A protrusion of abdominal structures through the retaining ABDOMINAL WALL. It involves two parts: an opening in the abdominal wall, and a hernia sac consisting of PERITONEUM and abdominal contents. Abdominal hernias include groin hernia (HERNIA, FEMORAL; HERNIA, INGUINAL) and VENTRAL HERNIA.

A hernia caused by weakness of the anterior ABDOMINAL WALL due to midline defects, previous incisions, or increased intra-abdominal pressure. Ventral hernias include UMBILICAL HERNIA, incisional, epigastric, and spigelian hernias.

A HERNIA due to an imperfect closure or weakness of the umbilical ring. It appears as a skin-covered protrusion at the UMBILICUS during crying, coughing, or straining. The hernia generally consists of OMENTUM or SMALL INTESTINE. The vast majority of umbilical hernias are congenital but can be acquired due to severe abdominal distention.

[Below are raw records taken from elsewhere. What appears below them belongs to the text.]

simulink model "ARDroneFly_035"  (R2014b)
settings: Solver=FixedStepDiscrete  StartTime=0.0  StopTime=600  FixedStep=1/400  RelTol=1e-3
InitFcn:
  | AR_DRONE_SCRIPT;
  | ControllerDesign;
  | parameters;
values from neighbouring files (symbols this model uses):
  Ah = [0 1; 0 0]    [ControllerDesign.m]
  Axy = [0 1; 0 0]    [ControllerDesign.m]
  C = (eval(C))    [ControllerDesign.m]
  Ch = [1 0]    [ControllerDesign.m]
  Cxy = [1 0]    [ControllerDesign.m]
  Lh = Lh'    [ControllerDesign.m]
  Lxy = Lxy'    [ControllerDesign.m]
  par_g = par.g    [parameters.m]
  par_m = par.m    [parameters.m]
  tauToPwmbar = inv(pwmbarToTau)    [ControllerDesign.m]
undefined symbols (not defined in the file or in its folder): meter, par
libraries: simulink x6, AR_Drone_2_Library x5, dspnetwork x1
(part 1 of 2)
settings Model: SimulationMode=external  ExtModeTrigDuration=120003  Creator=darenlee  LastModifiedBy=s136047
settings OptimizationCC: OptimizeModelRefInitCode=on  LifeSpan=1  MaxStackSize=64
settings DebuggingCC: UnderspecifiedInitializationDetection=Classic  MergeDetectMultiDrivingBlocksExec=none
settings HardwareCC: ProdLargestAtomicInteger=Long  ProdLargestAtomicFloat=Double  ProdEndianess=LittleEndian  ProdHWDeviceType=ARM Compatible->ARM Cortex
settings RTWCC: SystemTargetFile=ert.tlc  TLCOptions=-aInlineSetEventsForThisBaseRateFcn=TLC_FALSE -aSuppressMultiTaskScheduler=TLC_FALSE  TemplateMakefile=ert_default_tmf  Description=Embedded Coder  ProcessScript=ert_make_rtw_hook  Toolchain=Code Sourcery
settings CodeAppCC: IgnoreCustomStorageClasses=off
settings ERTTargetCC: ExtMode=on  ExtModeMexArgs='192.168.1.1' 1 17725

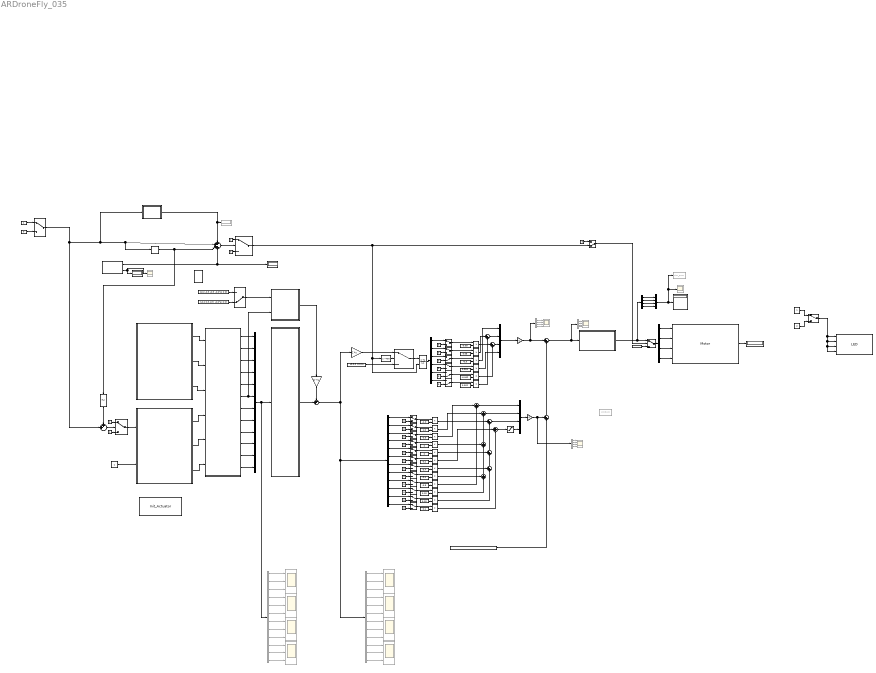
== system ARDroneFly_035 ==
  note: This version is not yet optimal, but some parts work, sorry.
      |
      | Based on: https://github.com/darenlee/SimulinkARDroneTarget
      |
      | Take off
      | 1) Make sure external camera feedback is activated in another Matlab Window (UDP Connection)
      | 2) Activate Green Manual Switch (will only take effect on rising edge)
      | 3) "Take off" signal is 2 seconds delayed, in this time the sensors are calibrated
      | 4) Quad fly's to the the setpoint (blue button)
      |
      | Stop
      | 1) Deactivate Green Manual Switch
      | 2) Quad falls out of the air
      |
      | Low voltage
      | 1) once the voltage has dropped once under the 9 volt the quad will not takeoff again
      | 2) or reset manually in the 'battery check' block
      |
      | Tips to tune the quad
      | 1) deactivate all feedback (manual switches) except for the z, roll, pitch and omega_xyz control
      | 2) test if the quad is some kind of stable (if not then change the gains) (first roll and pitch then omega_xy (omega functions as a differential action (damping)))
      | 3) try to manage that the quad takes off vertically by changing the gravity compensation term
      | 4) tune the rest of the proportional part
      | 5) activate and tune the integral part (be gentle with this one)
      | 6) have a look at the lowpass, luenberger observers (X-Y pos), and the complementary sensor fusion (accel gyro)
  note: [ T_0 TauX_0 TauY_0 TauZ_0 ]
  note: Integral action
  note: Setpoint [ x y z yaw u v ] (in inertia frame)
      | Note: Z must be negative because
      | of NED coordinates
  note: Delay is  added to
      | start integration action only
      | when quad is in the air
  note: Proportional action
  note: Gravity compensation
  0 when battery dropped once under 9 volt 1 when battery OK : Display
  Accel_Norm1 : Scope  Commented=on
      settings: ShowLegends=on  YMin=0  YMax=90  SaveName=Accel_P1
  Accel_Norm10 : Scope  Commented=on  NumInputPorts=4
      settings: ShowLegends=on  YMin=0~-1~-1~-1  YMax=20~1~1~1  SaveName=Accel_P15
  Accel_Norm{2..4,6,8..9,11..12} (8 alike) : Scope  Commented=on  NumInputPorts=3
      Accel_Norm11 settings: YMin=-0.4~-0.4~-0.5  YMax=0.2~0.4~0.2  SaveName=Accel_P2
      Accel_Norm12 settings: YMin=-0.8~-0.6~-0.4  YMax=1.2~0.6~0.4  SaveName=Accel_P7
      Accel_Norm2 settings: YMin=-0.5~-0.4~-0.235  YMax=0.3~0.5~-0.195  SaveName=Accel_P8
      Accel_Norm3 settings: YMin=-0.5~-0.4~0.25  YMax=0.5~0.5~0.5  SaveName=Accel_P
      Accel_Norm4 settings: YMin=-1~-1~-1.5  YMax=1~1~2  SaveName=Accel_P10
      Accel_Norm6 settings: YMin=-1~-1~-1.5  YMax=1~1~2  SaveName=Accel_P3
      Accel_Norm8 settings: YMin=-0.4~-0.4~-0.5  YMax=0.2~0.4~0.2  SaveName=Accel_P4
      Accel_Norm9 settings: YMin=-0.8~-0.6~-0.4  YMax=1.2~0.6~0.4  SaveName=Accel_P6
  Accel_Norm13 : Scope  Commented=on  NumInputPorts=4
      settings: ShowLegends=on  YMin=-0.5~-0.15~-0.15~-0.2  YMax=0.2~0.1~0.15~0.2  SaveName=Accel_P18
  Accel_Norm14 : Scope  Commented=on  NumInputPorts=4
      settings: ShowLegends=on  YMin=3.7~-0.25~-0.5~-0.15  YMax=4.2~0.1~1.5~0.05  SaveName=Accel_P19
  Accel_Norm7 : Scope  Commented=on
      settings: YMin=9  YMax=12  SaveName=Accel_P11
  Battery Check : Subsystem
  Constant{,7..8,10,57} (5 alike) : Constant
  Constant1 : Constant  Value=2
  Constant{5,9,12,30,39..53,56,59,61} (22 alike) : Constant  Value=0
  Constant13 : Constant  Value=[0 0 0 0]
  Constant14 : Constant  Value=-1.0
  Constant15 : Constant  Value=1.0
  Constant16 : Constant  Value=-0.9
  Constant17 : Constant  Value="[-0.2 -0.3 -0.5  -0.0*pi 0 0]"
  Constant2 : Constant  Value=0.4
  Constant20 : Constant  Value=2
  Constant21 : Constant  Value=2
  Constant22 : Constant  Value=0.2
  Constant23 : Constant  Value=-0.4
  Constant24 : Constant  Value="[1.1*par_m*par_g      -0.02     -0.083    -0.027]"
  Constant27 : Constant  Value=-0.05
  Constant28 : Constant  Value=0.05
  Constant29 : Constant  Value=-0.5
  Constant3 : Constant  Value="[-0.2 0.3 -0.5  -0.0*pi 0 0]"
  Constant32 : Constant  Value=0.004
  Constant33 : Constant  Value=0.15
  Constant34 : Constant  Value=0.15
  Constant35 : Constant  Value=0.1
  Constant58 : Constant  Value=-0.002
  Constant6 : Constant  Value=-0.5
  Constant60 : Constant  Value=0.002
  Constant62 : Constant  Value="[0 0 0  0 0 0]"
  Delay1 : Delay  DelayLength=800  InitialCondition=0
  Delay3 : Delay  DelayLength=400  InitialCondition=0
  Demux1 : Demux  Commented=on  Outputs=12
  Demux10 : Demux  Commented=on
  Demux11 : Demux  Commented=on
  Demux12 : Demux  Commented=on
  Demux3 : Demux  Commented=on  Outputs=12
  Demux4 : Demux
  Demux5 : Demux
  Demux8 : Demux  Outputs=12
  Demux9 : Demux  Outputs=6
  Discrete-Time Integrator1 : DiscreteIntegrator  ExternalReset=rising  InitialConditionSetting=State (most efficient)  SampleTime=-1
  Gain2 : Gain  Gain=C'  Multiplication=Matrix(K*u)
  Gain6 : Gain  Gain=C  Multiplication=Matrix(K*u)  SampleTime=0.0025
  Init_Actuator : AR_Drone_2_Library/Init_Actuator  ShowSpec=on
  Invert Signal : Fcn  Expr=-(u(1)-1)
  LED : AR_Drone_2_Library/LED
  Low Pass Filters and Luenberg Observers : Subsystem
  Mag1 : Display
  Manual Switch{3..16,18} (15 alike) : ManualSwitch
  Manual Switch{17,19..21} (4 alike) : ManualSwitch  CurrentSetting=0
  Motor : AR_Drone_2_Library/Motor
  Motor Thrust/Torque model : Subsystem
  Mux14 : Mux
  Mux15 : Mux
  Mux4 : Mux  Inputs=12
  Mux6 : Mux
  Negative gain feedback : Gain  Gain=-1
  Negative integral feedback : Gain  Gain=-1
  Product{1..3,7..10,12..22} (18 alike) : Product
  "Sensor Measurements, Low Pass Filter, Calibrations, and Corrections " : Subsystem
  Set and hold after first rising edge : Subsystem
  Setpoint To Pilot Frame : Subsystem
  "Shut off pwm output (debug purpose) " : ManualSwitch  CurrentSetting=0
  States To Pilot Frame : Subsystem
  Sum{1..2,5,10,12,16,22} (7 alike) : Sum  Inputs=|++
  Sum{8,17..21} (6 alike) : Sum  Inputs=++|
  Sum3 : Sum  Inputs=++++
  Sum7 : Sum  Inputs=-+|
  Switch : Switch  Criteria=u2 > Threshold
  Switch1 : Switch  Threshold=4
  Switch3 : Switch  Threshold=2
  Switch4 : Switch  Threshold=1
  Switch6 : Switch  Criteria=u2 > Threshold
  Take off and shutdown (reacts only at rising edges) : ManualSwitch
  To Workspace4 : ToWorkspace  Commented=on  VariableName=simPwm  SampleTime=-1
  To Workspace7 : ToWorkspace  Commented=on  VariableName=sim_pwm  SaveFormat=Timeseries  SampleTime=-1
  Volt : Display
  Volt3 : Display  Commented=on
  We lost too much thrust if we dont do this (gain too high) : Saturate  UpperLimit=0.1  LowerLimit=-0.1
  from topcam via UDP : Subsystem
  track yaw : Subsystem
  ydf1 : Display
  wires:
  Switch/1 -> LED/4, LED/3, LED/2, LED/1
  Motor/1 -> Mag1/1
  Switch3/1 -> "Sensor Measurements, Low Pass Filter, Calibrations, and Corrections "/1(Hold Calibration Signal)
  Constant7/1 -> "Sensor Measurements, Low Pass Filter, Calibrations, and Corrections "/2(Activate Calibration Accel Angles)
  Switch1/1 -> Discrete-Time Integrator1/2, Delay3/1, "Shut off pwm output (debug purpose) "/2
  Constant5/1 -> Switch1/3
  Constant8/1 -> Switch1/1
  Constant9/1 -> Take off and shutdown (reacts only at rising edges)/2
  Constant10/1 -> Take off and shutdown (reacts only at rising edges)/1
  Sum3/1 -> Switch1/2
  Battery Check/1(Battery Volt OK) -> 0 when battery dropped once under 9 volt 1 when battery OK/1, Sum3/4
  Battery Check/2(volt) -> Volt/1, Accel_Norm7/1
  Demux4/2 -> Mux6/2  "2"
  Demux4/1 -> Mux6/1  "1"
  Demux4/3 -> Mux6/3  "3"
  Demux4/4 -> Mux6/4  "4"
  Mux6/1 -> To Workspace7/1, Accel_Norm1/1, ydf1/1
  "Shut off pwm output (debug purpose) "/1 -> Switch6/2
  Constant12/1 -> "Shut off pwm output (debug purpose) "/1
  Switch6/1 -> Demux5/1
  Constant13/1 -> Switch6/3
  Demux5/4 -> Motor/4  "4"
  Demux5/3 -> Motor/3  "3"
  Demux5/2 -> Motor/2  "2"
  Demux5/1 -> Motor/1  "1"
  "Sensor Measurements, Low Pass Filter, Calibrations, and Corrections "/2(Roll Pitch (Integrated Gyro + Accel Corrected)) -> Low Pass Filters and Luenberg Observers/5(roll pitch_in)
  "Sensor Measurements, Low Pass Filter, Calibrations, and Corrections "/3(Gyro omega_xyz) -> Low Pass Filters and Luenberg Observers/6(wx wy wz_ in)
  "Sensor Measurements, Low Pass Filter, Calibrations, and Corrections "/1(Height UltraSound) -> Low Pass Filters and Luenberg Observers/4(z_in)
  Constant14/1 -> Product1/2
  Constant15/1 -> Product2/2
  Constant16/1 -> Product3/2
  Constant20/1 -> Product7/2
  Constant21/1 -> Product8/2
  Constant22/1 -> Product9/2
  Constant23/1 -> Product10/2
  Sum1/1 -> Mux14/1  "T"
  Sum5/1 -> Mux14/3  "tau_y"
  Sum2/1 -> Mux14/2  "tau_x"
  Mux14/1 -> Negative gain feedback/1
  Constant24/1 -> Sum20/2
  Constant27/1 -> Product12/2
  Constant28/1 -> Product13/2
  Constant29/1 -> Product14/2
  Discrete-Time Integrator1/1 -> Demux9/1
  Sum20/1 -> Sum12/2
  Sum12/1 -> Motor Thrust/Torque model/1("[ T tau_xyz ]"), Demux12/1
  Mux15/1 -> Negative integral feedback/1
  Constant32/1 -> Product15/2
  Negative integral feedback/1 -> Sum12/1, Demux10/1
  Demux10/1 -> Accel_Norm10/1
  Demux10/4 -> Accel_Norm10/4
  Demux10/3 -> Accel_Norm10/3
  Demux10/2 -> Accel_Norm10/2
  Negative gain feedback/1 -> Demux11/1, Sum20/1
  Demux11/1 -> Accel_Norm13/1
  Demux11/4 -> Accel_Norm13/4
  Demux11/3 -> Accel_Norm13/3
  Demux11/2 -> Accel_Norm13/2
  Demux12/1 -> Accel_Norm14/1
  Demux12/4 -> Accel_Norm14/4
  Demux12/3 -> Accel_Norm14/3
  Demux12/2 -> Accel_Norm14/2
  from topcam via UDP/1(real x) -> Low Pass Filters and Luenberg Observers/1(x_in)
  from topcam via UDP/2("real y ") -> Low Pass Filters and Luenberg Observers/2(y_in)
  from topcam via UDP/3(real psi) -> Low Pass Filters and Luenberg Observers/3(yaw_in)
  Constant2/1 -> Product17/2
  Constant6/1 -> Product18/2
  Constant33/1 -> Product19/2
  Constant34/1 -> Product20/2
  Constant35/1 -> Product16/2
  Demux8/2 -> Manual Switch4/1  "y"
  Demux8/3 -> Manual Switch5/1  "z"
  Demux8/1 -> Manual Switch3/1  "x"
  Demux8/6 -> Manual Switch8/1  "yaw"
  Sum16/1 -> We lost too much thrust if we dont do this (gain too high)/1
  Product18/1 -> Sum1/2
  Product19/1 -> Sum17/2
  Product17/1 -> Sum17/1
  Product20/1 -> Sum18/2
  Product10/1 -> Sum18/1  "tau_z"
  Product9/1 -> Sum16/1
  Product1/1 -> Sum5/1
  Product2/1 -> Sum2/1
  Product3/1 -> Sum1/1
  Sum19/1 -> Sum2/2
  Sum17/1 -> Sum19/2
  Product7/1 -> Sum19/1
  Sum21/1 -> Sum5/2
  Sum18/1 -> Sum21/2
  Product8/1 -> Sum21/1
  Manual Switch3/1 -> Product1/1
  Constant39/1 -> Manual Switch3/2
  Constant40/1 -> Manual Switch4/2
  Constant41/1 -> Manual Switch5/2
  Constant42/1 -> Manual Switch6/2
  Constant43/1 -> Manual Switch7/2
  Constant44/1 -> Manual Switch8/2
  Constant45/1 -> Manual Switch9/2
  Constant46/1 -> Manual Switch10/2
  Constant47/1 -> Manual Switch11/2
  Constant48/1 -> Manual Switch12/2
  Constant49/1 -> Manual Switch13/2
  Constant50/1 -> Manual Switch14/2
  Demux8/12 -> Manual Switch14/1  "omega z"
  Demux8/11 -> Manual Switch13/1  "omega y"
  Demux8/10 -> Manual Switch12/1  "omega x"
  Demux8/9 -> Manual Switch11/1  "w"
  Demux8/8 -> Manual Switch10/1  "v"
  Demux8/7 -> Manual Switch9/1  "u"
  Demux8/5 -> Manual Switch7/1  "pitch"
  Demux8/4 -> Manual Switch6/1  "roll"
  Manual Switch14/1 -> Product16/1
  Manual Switch13/1 -> Product20/1
  Manual Switch12/1 -> Product19/1
  Manual Switch11/1 -> Product18/1
  Manual Switch10/1 -> Product17/1
  Manual Switch9/1 -> Product10/1
  Manual Switch8/1 -> Product9/1
  Manual Switch7/1 -> Product8/1
  Manual Switch6/1 -> Product7/1
  Manual Switch5/1 -> Product3/1
  Manual Switch4/1 -> Product2/1
  Product14/1 -> Mux15/1  "T"
  Product15/1 -> Mux15/4  "tau_z"
  Constant30/1 -> Manual Switch15/2
  Constant51/1 -> Manual Switch16/2
  Constant52/1 -> Manual Switch17/2
  Constant53/1 -> Manual Switch18/2
  Manual Switch18/1 -> Product15/1
  Demux9/4 -> Manual Switch18/1  "yaw"
  Manual Switch17/1 -> Product14/1
  Demux9/3 -> Manual Switch17/1  "z"
  Demux9/2 -> Manual Switch16/1  "y"
  Manual Switch16/1 -> Product13/1
  Manual Switch15/1 -> Product12/1
  Demux9/1 -> Manual Switch15/1  "x"
  Constant1/1 -> Switch/3
  Constant/1 -> Switch/1
  Delay1/1 -> Sum3/3, Invert Signal/1
  Constant56/1 -> Switch3/1
  Constant57/1 -> Switch3/3
  Set and hold after first rising edge/1(Out) -> Volt3/1, Sum3/1
  Take off and shutdown (reacts only at rising edges)/1 -> Sum8/2, Delay1/1, Sum3/2, Set and hold after first rising edge/1(In)
  Constant58/1 -> Product21/2
  Constant59/1 -> Manual Switch19/2
  Manual Switch19/1 -> Product21/1
  Demux9/5 -> Manual Switch19/1  "u"
  Constant60/1 -> Product22/2
  Constant61/1 -> Manual Switch20/2
  Manual Switch20/1 -> Product22/1
  Demux9/6 -> Manual Switch20/1  "v"
  Sum10/1 -> Mux15/3  "tau_y"
  Product12/1 -> Sum10/1  "tau_y"
  Product21/1 -> Sum10/2
  Sum22/1 -> Mux15/2  "tau_x"
  Product13/1 -> Sum22/1  "tau_x"
  Product22/1 -> Sum22/2
  Switch4/1 -> Discrete-Time Integrator1/1
  Sum8/1 -> Switch3/2
  Invert Signal/1 -> Sum8/1
  Delay3/1 -> Switch4/2
  Demux1/1 -> Accel_Norm3/1
  Demux1/2 -> Accel_Norm3/2
  Demux1/3 -> Accel_Norm3/3
  Demux1/4 -> Accel_Norm6/1
  Demux1/5 -> Accel_Norm6/2
  Demux1/6 -> Accel_Norm6/3
  Demux1/7 -> Accel_Norm8/1
  Demux1/8 -> Accel_Norm8/2
  Demux1/9 -> Accel_Norm8/3
  Demux1/10 -> Accel_Norm9/1
  Demux1/11 -> Accel_Norm9/2
  Demux1/12 -> Accel_Norm9/3
  Low Pass Filters and Luenberg Observers/1(x_out) -> Mux4/1
  Low Pass Filters and Luenberg Observers/2(y_out) -> Mux4/2
  Low Pass Filters and Luenberg Observers/3(z_out) -> Mux4/3
  Low Pass Filters and Luenberg Observers/4(roll_out) -> Mux4/4
  Low Pass Filters and Luenberg Observers/5(pitch_out) -> Mux4/5
  Low Pass Filters and Luenberg Observers/6(yaw out) -> Setpoint To Pilot Frame/2(yaw), Mux4/6
  Low Pass Filters and Luenberg Observers/7(u_out) -> Mux4/7
  Low Pass Filters and Luenberg Observers/8(v_out) -> Mux4/8
  Low Pass Filters and Luenberg Observers/9(w_out) -> Mux4/9
  Low Pass Filters and Luenberg Observers/10(omega x_out) -> Mux4/10
  Low Pass Filters and Luenberg Observers/11(omega y_out) -> Mux4/11
  Low Pass Filters and Luenberg Observers/12(omega z_out) -> Mux4/12
  Mux4/1 -> Demux3/1, States To Pilot Frame/1(State)
  Gain6/1 -> Switch4/1
  Constant62/1 -> Switch4/3
  Demux3/1 -> Accel_Norm2/1
  Demux3/2 -> Accel_Norm2/2
  Demux3/3 -> Accel_Norm2/3
  Demux3/4 -> Accel_Norm4/1
  Demux3/5 -> Accel_Norm4/2
  Demux3/6 -> Accel_Norm4/3
  Demux3/7 -> Accel_Norm11/1
  Demux3/8 -> Accel_Norm11/2
  Demux3/9 -> Accel_Norm11/3
  Demux3/10 -> Accel_Norm12/1
  Demux3/11 -> Accel_Norm12/2
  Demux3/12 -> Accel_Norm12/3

A groin hernia occurring inferior to the inguinal ligament and medial to the FEMORAL VEIN and FEMORAL ARTERY. The femoral hernia sac has a small neck but may enlarge considerably when it enters the subcutaneous tissue of the thigh. It is caused by defects in the ABDOMINAL WALL.

Protrusion of tissue, structure, or part of an organ through the muscular tissue or the membrane by which it is normally contained. Hernia may involve tissues such as the ABDOMINAL WALL or the respiratory DIAPHRAGM. Hernias may be internal, external, congenital, or acquired.